= Plutonium affair =

1995 smuggling scandal

The so-called Plutonium Affair (Plutonium-Affäre) was a scandal that erupted in Germany in April 1995. It was caused by the illegal transport of more than 360 grams of plutonium on a Lufthansa plane from Moscow to Munich in 1994, instigated by the Federal Intelligence Service (BND) just before the Bavarian Landtag elections.

== Smuggling of plutonium ==
In August 1994, the Colombian national Justiniano Torres Benítez and his accomplices, the two Spaniards Julio Oroz Eguia and Javier Bengoechea Arratibel were arrested by Bavarian police at Munich airport and a Munich hotel room. Torres Benítez, who arrived from Moscow on board of a Boeing 737 on 10 August 1994, had 363.4 grams of plutonium-239 in his luggage. The plutonium, however, was only 87% pure, and was thus not deemed weapons-grade. Further, more than 400 grams of Lithium-6, which is needed for the construction of thermonuclear weapons, were found on Torres Benítez.

Torres Benítez, Oroz Eguia and Bengoechea Arratibel were subsequently charged with breaches of the War Weapons Control Act. The trial began on 10 May 1995. While BND president Konrad Porzner had denied accusations of having initiated the smuggling operation in April 1995, a report published in the news magazine Der Spiegel later that month revealed that the BND had, in fact, ordered the smuggling. The deal, which had been concluded as part of the so-called Operation Hades, was meant to serve as evidence that weapons-grade plutonium was for sale worldwide.

The BND was mainly criticized for the fact that its initial investigations had resulted in the smuggling of plutonium to Germany, without any safety precautions and ignoring all related concerns. Further, by involving the Spanish informant Rafael Ferreras Fernandez (alias "Rafa"), the BND had effectively employed an agent of an allied nation, which it is not allowed to do.

== Parliamentary enquiry ==
The revelations of Der Spiegel resulted in the creation of a parliamentary enquiry committee by the German Bundestag on 11 May 1995. Ferreras Fernandez, who had been the link between Peter Fischer-Hollweg, who was stationed as Federal Criminal Police Office and BND representative in Madrid at the time, and the plutonium brokers, testified before the committee that the plutonium was smuggled to Munich on 10 August 1994 with the knowledge of the BND in order to stage an arrest at Munich airport that could be exploited politically before the Bavarian Landtag elections and the 1994 federal elections.
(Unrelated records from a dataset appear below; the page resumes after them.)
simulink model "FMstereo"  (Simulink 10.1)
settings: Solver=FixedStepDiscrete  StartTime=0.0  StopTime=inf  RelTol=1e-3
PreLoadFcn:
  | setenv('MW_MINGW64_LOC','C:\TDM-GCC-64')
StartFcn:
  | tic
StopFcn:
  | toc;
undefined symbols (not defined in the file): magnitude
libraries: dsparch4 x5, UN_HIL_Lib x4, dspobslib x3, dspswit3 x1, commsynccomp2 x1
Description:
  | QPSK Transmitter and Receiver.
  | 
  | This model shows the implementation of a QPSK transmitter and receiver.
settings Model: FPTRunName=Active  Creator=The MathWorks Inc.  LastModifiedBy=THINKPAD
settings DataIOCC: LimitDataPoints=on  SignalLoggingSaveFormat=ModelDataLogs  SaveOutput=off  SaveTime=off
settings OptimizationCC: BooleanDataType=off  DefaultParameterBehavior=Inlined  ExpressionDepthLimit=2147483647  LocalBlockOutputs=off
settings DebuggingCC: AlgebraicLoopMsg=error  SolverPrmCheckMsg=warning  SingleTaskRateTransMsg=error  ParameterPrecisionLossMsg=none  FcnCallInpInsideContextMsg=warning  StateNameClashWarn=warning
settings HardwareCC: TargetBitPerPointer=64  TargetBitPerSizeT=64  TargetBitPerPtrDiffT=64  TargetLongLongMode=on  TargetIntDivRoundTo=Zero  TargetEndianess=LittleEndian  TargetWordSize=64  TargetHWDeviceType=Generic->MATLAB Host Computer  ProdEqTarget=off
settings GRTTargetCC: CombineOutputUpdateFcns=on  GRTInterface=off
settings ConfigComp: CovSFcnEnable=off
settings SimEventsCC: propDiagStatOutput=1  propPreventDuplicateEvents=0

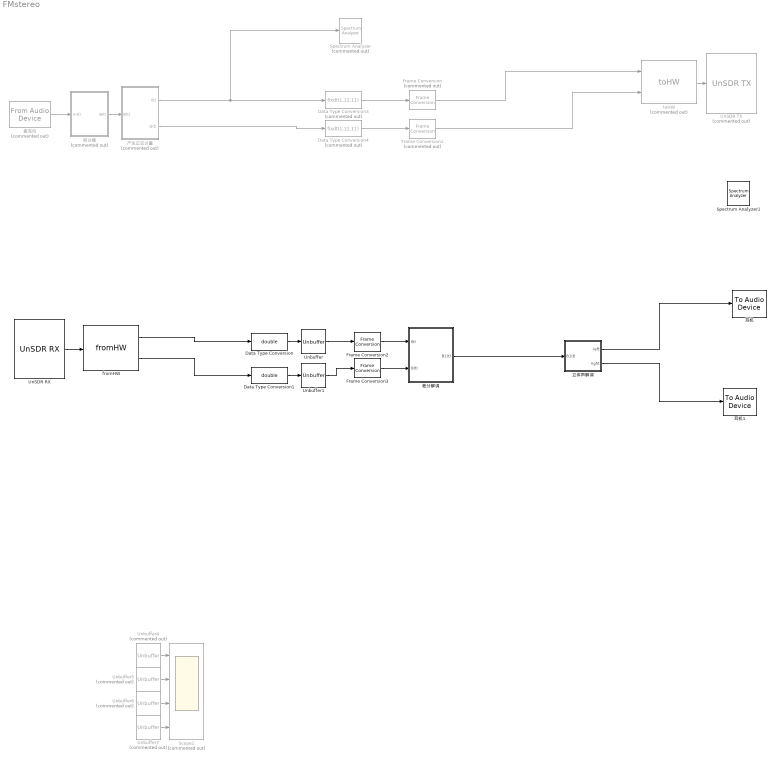
== system FMstereo ==
  Data Type Conversion : DataTypeConversion  OutDataTypeStr=double
  Data Type Conversion1 : DataTypeConversion  OutDataTypeStr=double
  Data Type Conversion3 : DataTypeConversion  Commented=on  OutDataTypeStr=fixdt(1,12,11)
  Data Type Conversion4 : DataTypeConversion  Commented=on  OutDataTypeStr=fixdt(1,12,11)
  Frame Conversion : FrameConversion  Commented=on  OutFrame=Sample-based
  Frame Conversion1 : FrameConversion  Commented=on  OutFrame=Sample-based
  Frame Conversion2 : FrameConversion  OutFrame=Sample-based
  Frame Conversion3 : FrameConversion  OutFrame=Sample-based
  Scope1 : Scope  Commented=on  NumInputPorts=4
  Spectrum Analyzer : SpectrumAnalyzer  Commented=on
  Spectrum Analyzer1 : SpectrumAnalyzer
  UnSDR RX : UN_HIL_Lib/UnSDR RX  SystemSampleTime=-1  Latency=0  AutoFrameSizeCalculation=off
      settings: SourceProductName=HIL Blockset
  UnSDR TX : UN_HIL_Lib/UnSDR TX  Commented=on  SystemSampleTime=-1  Latency=0  AutoFrameSizeCalculation=off
      settings: SourceProductName=HIL Blockset
  Unbuffer : Unbuffer
  Unbuffer1 : Unbuffer
  Unbuffer{4..7} (4 alike) : Unbuffer  Commented=on
  fromHW : UN_HIL_Lib/fromHW  sp=1/128e3
      settings: SourceProductName=HIL Blockset
  toHW : UN_HIL_Lib/toHW  Commented=on  SystemSampleTime=-1  Latency=0  AutoFrameSizeCalculation=off
      settings: SourceProductName=HIL Blockset
  产生正交分量 : Subsystem  Commented=on
  差分解调 : Subsystem
  积分器 : Subsystem  Commented=on
  立体声解调 : Subsystem
  耳机 : dspobslib/To Audio Device  deviceName=Default  inheritSampleRate=on  sampleRate=44100  deviceDatatype=Determine from input data type  autoBufferSize=on  bufferSize=4096  queueDuration=2  defaultOutputChannelMapping=on  outputChannelMapping=1:2  outputNumUnderrunSamples=off
      settings: SourceProductBaseCode=DS
  耳机1 : dspobslib/To Audio Device  deviceName=Default  inheritSampleRate=on  sampleRate=44100  deviceDatatype=Determine from input data type  autoBufferSize=on  bufferSize=4096  queueDuration=2  defaultOutputChannelMapping=on  outputChannelMapping=1:2  outputNumUnderrunSamples=off
      settings: SourceProductBaseCode=DS
  麦克风 : dspobslib/From Audio Device  Commented=on  deviceName=Default  numChannels=1  sampleRate=128000  deviceDatatype=Determine from output data type  autoBufferSize=on  bufferSize=4096  queueDuration=1.0  frameSize=1  outputDatatype=single  defaultInputChannelMapping=on  inputChannelMapping=1:2  outputNumOverrunSamples=off  OutputFrames=on
      settings: SourceProductBaseCode=DS
  wires:
  Unbuffer5/1 -> Scope1/2
  Unbuffer6/1 -> Scope1/3
  Unbuffer7/1 -> Scope1/4
  Unbuffer4/1 -> Scope1/1
  Data Type Conversion3/1 -> Frame Conversion/1
  Data Type Conversion4/1 -> Frame Conversion1/1
  Unbuffer/1 -> Frame Conversion2/1
  Data Type Conversion/1 -> Unbuffer/1
  麦克风/1 -> 积分器/1(m(t))
  积分器/1(B(t)) -> 产生正交分量/1(B(t))
  Data Type Conversion1/1 -> Unbuffer1/1
  Unbuffer1/1 -> Frame Conversion3/1
  产生正交分量/1(I(t)) -> Data Type Conversion3/1, Spectrum Analyzer/1
  产生正交分量/2(Q(t)) -> Data Type Conversion4/1
  Frame Conversion2/1 -> 差分解调/1(I(t))
  Frame Conversion3/1 -> 差分解调/2(Q(t))
  toHW/1 -> UnSDR TX/1
  UnSDR RX/1 -> fromHW/1
  fromHW/1 -> Data Type Conversion/1
  fromHW/2 -> Data Type Conversion1/1
  Frame Conversion/1 -> toHW/1
  Frame Conversion1/1 -> toHW/2
  差分解调/1(B1(t)) -> 立体声解调/1(B1(t))
  立体声解调/1(left) -> 耳机/1
  立体声解调/2(right) -> 耳机1/1
  ? -> Spectrum Analyzer1/1

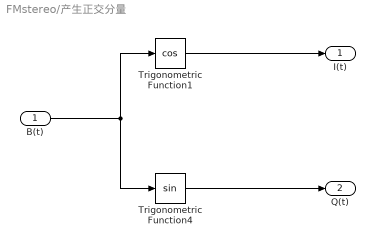
== system FMstereo/产生正交分量 ==
  B(t) : Inport
  Trigonometric Function1 : Trigonometry  Operator=cos  NumberOfIterations=16
  Trigonometric Function4 : Trigonometry  NumberOfIterations=16
  I(t) : Outport  VectorParamsAs1DForOutWhenUnconnected=off
  Q(t) : Outport  Port=2  VectorParamsAs1DForOutWhenUnconnected=off
  wires:
  Trigonometric Function1/1 -> I(t)/1
  B(t)/1 -> Trigonometric Function4/1, Trigonometric Function1/1
  Trigonometric Function4/1 -> Q(t)/1

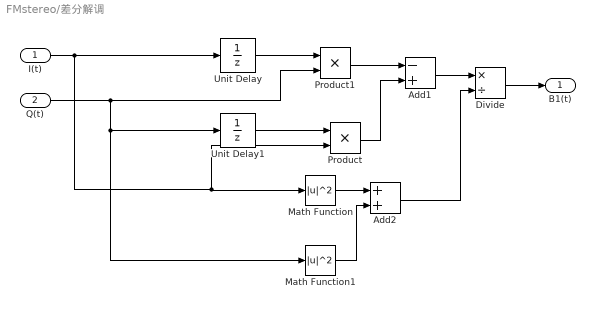
== system FMstereo/差分解调 ==
  I(t) : Inport
  Q(t) : Inport  Port=2
  Add1 : Sum  Inputs=-+
  Add2 : Sum
  Divide : Product  Inputs=*/
  Math Function : Math  Operator=magnitude^2  SignedPower=on  SaturateOnIntegerOverflow=on
  Math Function1 : Math  Operator=magnitude^2  SignedPower=on  SaturateOnIntegerOverflow=on
  Product : Product  RndMeth=Zero
  Product1 : Product  RndMeth=Zero
  Unit Delay : UnitDelay  SampleTime=-1  HasFrameUpgradeWarning=on
  Unit Delay1 : UnitDelay  SampleTime=-1  HasFrameUpgradeWarning=on
  B1(t) : Outport  VectorParamsAs1DForOutWhenUnconnected=off
  wires:
  Add1/1 -> Divide/1
  Add2/1 -> Divide/2
  Product/1 -> Add1/2
  Product1/1 -> Add1/1
  Unit Delay/1 -> Product1/1
  Unit Delay1/1 -> Product/1
  Q(t)/1 -> Math Function1/1, Unit Delay1/1, Product1/2
  I(t)/1 -> Product/2, Math Function/1, Unit Delay/1
  Math Function/1 -> Add2/1
  Math Function1/1 -> Add2/2
  Divide/1 -> B1(t)/1

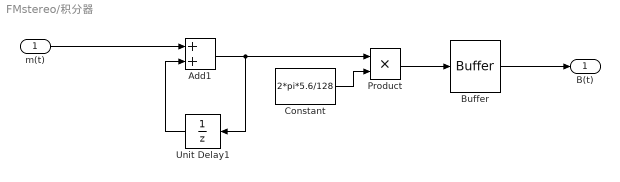
== system FMstereo/积分器 ==
  m(t) : Inport
  Add1 : Sum  OutDataTypeStr=Inherit: Same as first input
  Buffer : Buffer  N=4096
  Constant : Constant  Value=2*pi*5.6/128  VectorParams1D=off  SampleTime=-1
  Product : Product  RndMeth=Zero  OutDataTypeStr=Inherit: Same as first input
  Unit Delay1 : UnitDelay  SampleTime=-1  HasFrameUpgradeWarning=on
  B(t) : Outport  VectorParamsAs1DForOutWhenUnconnected=off
  wires:
  Product/1 -> Buffer/1
  Constant/1 -> Product/2
  Add1/1 -> Product/1, Unit Delay1/1
  Unit Delay1/1 -> Add1/2
  m(t)/1 -> Add1/1
  Buffer/1 -> B(t)/1

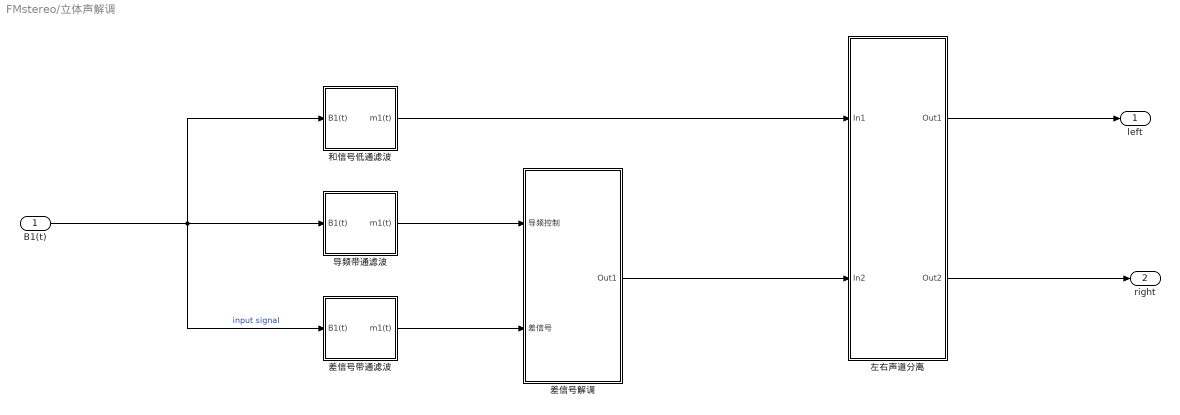
== system FMstereo/立体声解调 ==
  B1(t) : Inport
  和信号低通滤波 : Subsystem
  导频带通滤波 : Subsystem
  左右声道分离 : Subsystem
  差信号带通滤波 : Subsystem
  差信号解调 : Subsystem
  left : Outport
  right : Outport  Port=2
  wires:
  B1(t)/1 -> 差信号带通滤波/1(B1(t)), 导频带通滤波/1(B1(t)), 和信号低通滤波/1(B1(t))  "input signal"
  导频带通滤波/1(m1(t)) -> 差信号解调/1(导频控制)
  差信号带通滤波/1(m1(t)) -> 差信号解调/2(差信号)
  和信号低通滤波/1(m1(t)) -> 左右声道分离/1(In1)
  差信号解调/1(Out1) -> 左右声道分离/2(In2)
  左右声道分离/1(Out1) -> left/1
  左右声道分离/2(Out2) -> right/1

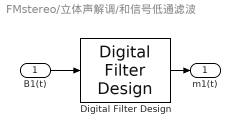
== system FMstereo/立体声解调/和信号低通滤波 ==
  B1(t) : Inport
  Digital Filter Design : dsparch4/Digital Filter Design  mwdsp_browser_bugfix_var=off
  m1(t) : Outport  VectorParamsAs1DForOutWhenUnconnected=off
  wires:
  B1(t)/1 -> Digital Filter Design/1
  Digital Filter Design/1 -> m1(t)/1

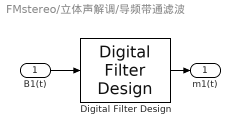
== system FMstereo/立体声解调/导频带通滤波 ==
  B1(t) : Inport
  Digital Filter Design : dsparch4/Digital Filter Design  mwdsp_browser_bugfix_var=off
  m1(t) : Outport  VectorParamsAs1DForOutWhenUnconnected=off
  wires:
  B1(t)/1 -> Digital Filter Design/1
  Digital Filter Design/1 -> m1(t)/1

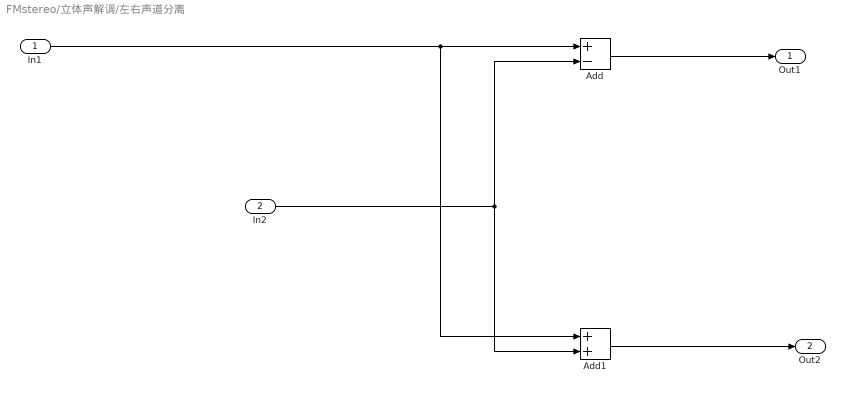
== system FMstereo/立体声解调/左右声道分离 ==
  In1 : Inport
  In2 : Inport  Port=2
  Add : Sum  Inputs=+-
  Add1 : Sum
  Out1 : Outport
  Out2 : Outport  Port=2
  wires:
  In1/1 -> Add1/1, Add/1
  In2/1 -> Add1/2, Add/2
  Add1/1 -> Out2/1
  Add/1 -> Out1/1

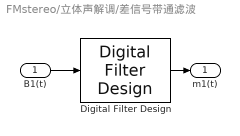
== system FMstereo/立体声解调/差信号带通滤波 ==
  B1(t) : Inport
  Digital Filter Design : dsparch4/Digital Filter Design  mwdsp_browser_bugfix_var=off
  m1(t) : Outport  VectorParamsAs1DForOutWhenUnconnected=off
  wires:
  B1(t)/1 -> Digital Filter Design/1
  Digital Filter Design/1 -> m1(t)/1

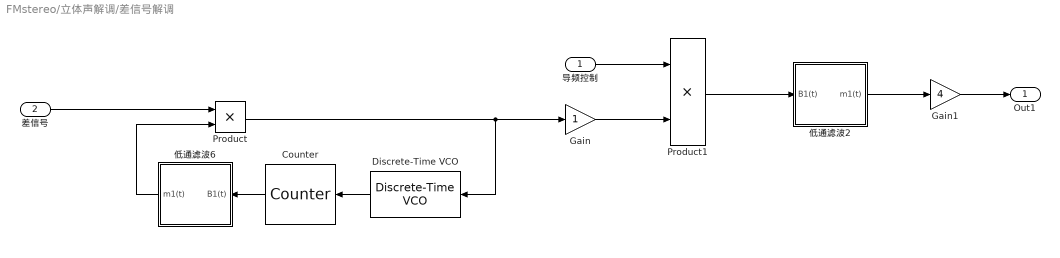
== system FMstereo/立体声解调/差信号解调 ==
  导频控制 : Inport
  差信号 : Inport  Port=2
  Counter : dspswit3/Counter  Direction=Up  CountEvent=Rising edge  CounterSize=8 bits  MaxCount=255  InitialCount=0  Output=Count  HitValue=32  ResetInput=off  SamplesPerFrame=1  Ts=1  CntDtype=double  HitDtype=Logical
  Discrete-Time VCO : commsynccomp2/Discrete-Time VCO  Ac=1  Fc=10  Kc=1  Ph=0  ts=0.01
      settings: SourceProductBaseCode=CM
  Gain : Gain
  Gain1 : Gain  Gain=4
  Product : Product
  Product1 : Product
  低通滤波2 : Subsystem
  低通滤波6 : Subsystem
  Out1 : Outport
  wires:
  Product1/1 -> 低通滤波2/1(B1(t))
  Product/1 -> Discrete-Time VCO/1, Gain/1
  导频控制/1 -> Product1/1
  Counter/1 -> 低通滤波6/1(B1(t))
  差信号/1 -> Product/1
  Gain/1 -> Product1/2
  Discrete-Time VCO/1 -> Counter/1
  低通滤波6/1(m1(t)) -> Product/2
  低通滤波2/1(m1(t)) -> Gain1/1
  Gain1/1 -> Out1/1

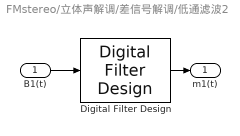
== system FMstereo/立体声解调/差信号解调/低通滤波2 ==
  B1(t) : Inport
  Digital Filter Design : dsparch4/Digital Filter Design  mwdsp_browser_bugfix_var=off
  m1(t) : Outport  VectorParamsAs1DForOutWhenUnconnected=off
  wires:
  B1(t)/1 -> Digital Filter Design/1
  Digital Filter Design/1 -> m1(t)/1

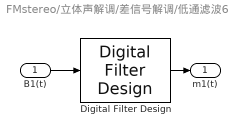
== system FMstereo/立体声解调/差信号解调/低通滤波6 ==
  B1(t) : Inport
  Digital Filter Design : dsparch4/Digital Filter Design  mwdsp_browser_bugfix_var=off
  m1(t) : Outport  VectorParamsAs1DForOutWhenUnconnected=off
  wires:
  B1(t)/1 -> Digital Filter Design/1
  Digital Filter Design/1 -> m1(t)/1

Additionally, Ferreras Fernandez stated that he had been put under "enormous" pressure by BND employees before the trial to lie in court, and that he was fearing for his wife's and child's lives.

On 23 June 1998, the committee concluded its proceedings and found that "the BND had not instigated the plutonium case, neither in Munich, nor at its station in Madrid. Further, the BND had informed the Chancellory true to fact and in time, which then had exercised its legal and technical supervision appropriately. There had been no illegal influence from the Chancellory's surroundings on the decisions taken by the authorities involved in this case." Apart from that, "the Bavarian police and the public prosecutor's office in Munich had decided upon the authorities' actions." The plutonium's origins could not be determined. According to the committee, it could only be determined that it did not originate from western Europe.

== Conviction ==
Torres Benítez, Oroz Eguia and Bengoechea Arratibel were sentenced to three to five years of prison in July 1995. The Landgericht Munich found that the plutonium smuggling constituted a case of entrapment instigated by the Bavarian Federal Criminal Police Office, which had enticed the smugglers to procure the plutonium.